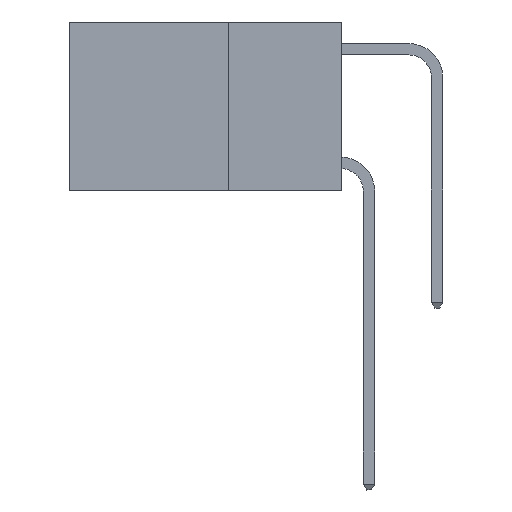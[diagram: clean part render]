
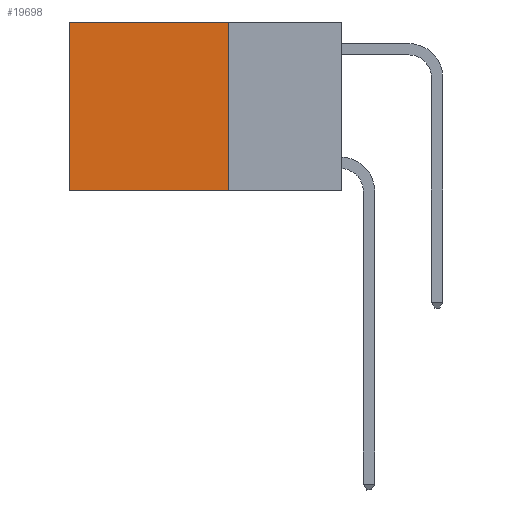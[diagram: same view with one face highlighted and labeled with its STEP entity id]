
A CAD part, left-side view. The second image highlights one B-rep face of the part: STEP entity #19698.
In plain terms, the highlighted planar face has unit normal (-1, 0, 0).
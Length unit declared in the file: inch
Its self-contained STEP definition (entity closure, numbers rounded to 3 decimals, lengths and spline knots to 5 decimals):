
#418 = CARTESIAN_POINT ( 'NONE',  ( 0.2625, 0.25, -0.37 ) ) ;
#602 = VECTOR ( 'NONE', #11499, 39.37008 ) ;
#689 = DIRECTION ( 'NONE',  ( 0., 0., -1. ) ) ;
#949 = EDGE_LOOP ( 'NONE', ( #14130, #15958, #1291, #16469 ) ) ;
#1018 = CARTESIAN_POINT ( 'NONE',  ( 0.2625, 0.25, -0.37 ) ) ;
#1291 = ORIENTED_EDGE ( 'NONE', *, *, #6752, .F. ) ;
#1730 = CARTESIAN_POINT ( 'NONE',  ( 0.2625, 0.25, 0. ) ) ;
#2131 = CARTESIAN_POINT ( 'NONE',  ( 0.2625, 0.25, 0. ) ) ;
#2170 = EDGE_CURVE ( 'NONE', #11259, #4516, #16856, .T. ) ;
#2608 = AXIS2_PLACEMENT_3D ( 'NONE', #5002, #16260, #6648 ) ;
#4167 = LINE ( 'NONE', #18684, #12772 ) ;
#4207 = DIRECTION ( 'NONE',  ( 0., 0., -1. ) ) ;
#4516 = VERTEX_POINT ( 'NONE', #19320 ) ;
#4716 = EDGE_CURVE ( 'NONE', #16733, #4516, #6687, .T. ) ;
#5002 = CARTESIAN_POINT ( 'NONE',  ( 0.2625, 0.25, 0. ) ) ;
#5045 = LINE ( 'NONE', #1730, #602 ) ;
#5700 = CARTESIAN_POINT ( 'NONE',  ( 0.2625, 0.6, 0. ) ) ;
#6648 = DIRECTION ( 'NONE',  ( 0., 0., -1. ) ) ;
#6687 = LINE ( 'NONE', #5700, #14733 ) ;
#6752 = EDGE_CURVE ( 'NONE', #15538, #11259, #4167, .T. ) ;
#7117 = FACE_OUTER_BOUND ( 'NONE', #949, .T. ) ;
#8053 = CARTESIAN_POINT ( 'NONE',  ( 0.2625, 0.6, 0. ) ) ;
#8316 = VECTOR ( 'NONE', #11876, 39.37008 ) ;
#10145 = EDGE_CURVE ( 'NONE', #15538, #16733, #5045, .T. ) ;
#11259 = VERTEX_POINT ( 'NONE', #1018 ) ;
#11499 = DIRECTION ( 'NONE',  ( 0., 1., 0. ) ) ;
#11876 = DIRECTION ( 'NONE',  ( 0., 1., 0. ) ) ;
#12772 = VECTOR ( 'NONE', #4207, 39.37008 ) ;
#14130 = ORIENTED_EDGE ( 'NONE', *, *, #4716, .T. ) ;
#14733 = VECTOR ( 'NONE', #689, 39.37008 ) ;
#15538 = VERTEX_POINT ( 'NONE', #2131 ) ;
#15958 = ORIENTED_EDGE ( 'NONE', *, *, #2170, .F. ) ;
#16260 = DIRECTION ( 'NONE',  ( 1., 0., 0. ) ) ;
#16469 = ORIENTED_EDGE ( 'NONE', *, *, #10145, .T. ) ;
#16631 = PLANE ( 'NONE',  #2608 ) ;
#16733 = VERTEX_POINT ( 'NONE', #8053 ) ;
#16856 = LINE ( 'NONE', #418, #8316 ) ;
#18684 = CARTESIAN_POINT ( 'NONE',  ( 0.2625, 0.25, 0. ) ) ;
#19320 = CARTESIAN_POINT ( 'NONE',  ( 0.2625, 0.6, -0.37 ) ) ;
#19698 = ADVANCED_FACE ( 'NONE', ( #7117 ), #16631, .F. ) ;

□ □ □ □ □

*Task brief*.
From the records above, repeat exactly the lines from the one with "Its self-contained STEP" through the one with "#2608 = AXIS2_PLACEMENT_3D", both included.

*Result of this task*.
Its self-contained STEP definition (entity closure, numbers rounded to 3 decimals, lengths and spline knots to 5 decimals):
#418 = CARTESIAN_POINT ( 'NONE',  ( 0.2625, 0.25, -0.37 ) ) ;
#602 = VECTOR ( 'NONE', #11499, 39.37008 ) ;
#689 = DIRECTION ( 'NONE',  ( 0., 0., -1. ) ) ;
#949 = EDGE_LOOP ( 'NONE', ( #14130, #15958, #1291, #16469 ) ) ;
#1018 = CARTESIAN_POINT ( 'NONE',  ( 0.2625, 0.25, -0.37 ) ) ;
#1291 = ORIENTED_EDGE ( 'NONE', *, *, #6752, .F. ) ;
#1730 = CARTESIAN_POINT ( 'NONE',  ( 0.2625, 0.25, 0. ) ) ;
#2131 = CARTESIAN_POINT ( 'NONE',  ( 0.2625, 0.25, 0. ) ) ;
#2170 = EDGE_CURVE ( 'NONE', #11259, #4516, #16856, .T. ) ;
#2608 = AXIS2_PLACEMENT_3D ( 'NONE', #5002, #16260, #6648 ) ;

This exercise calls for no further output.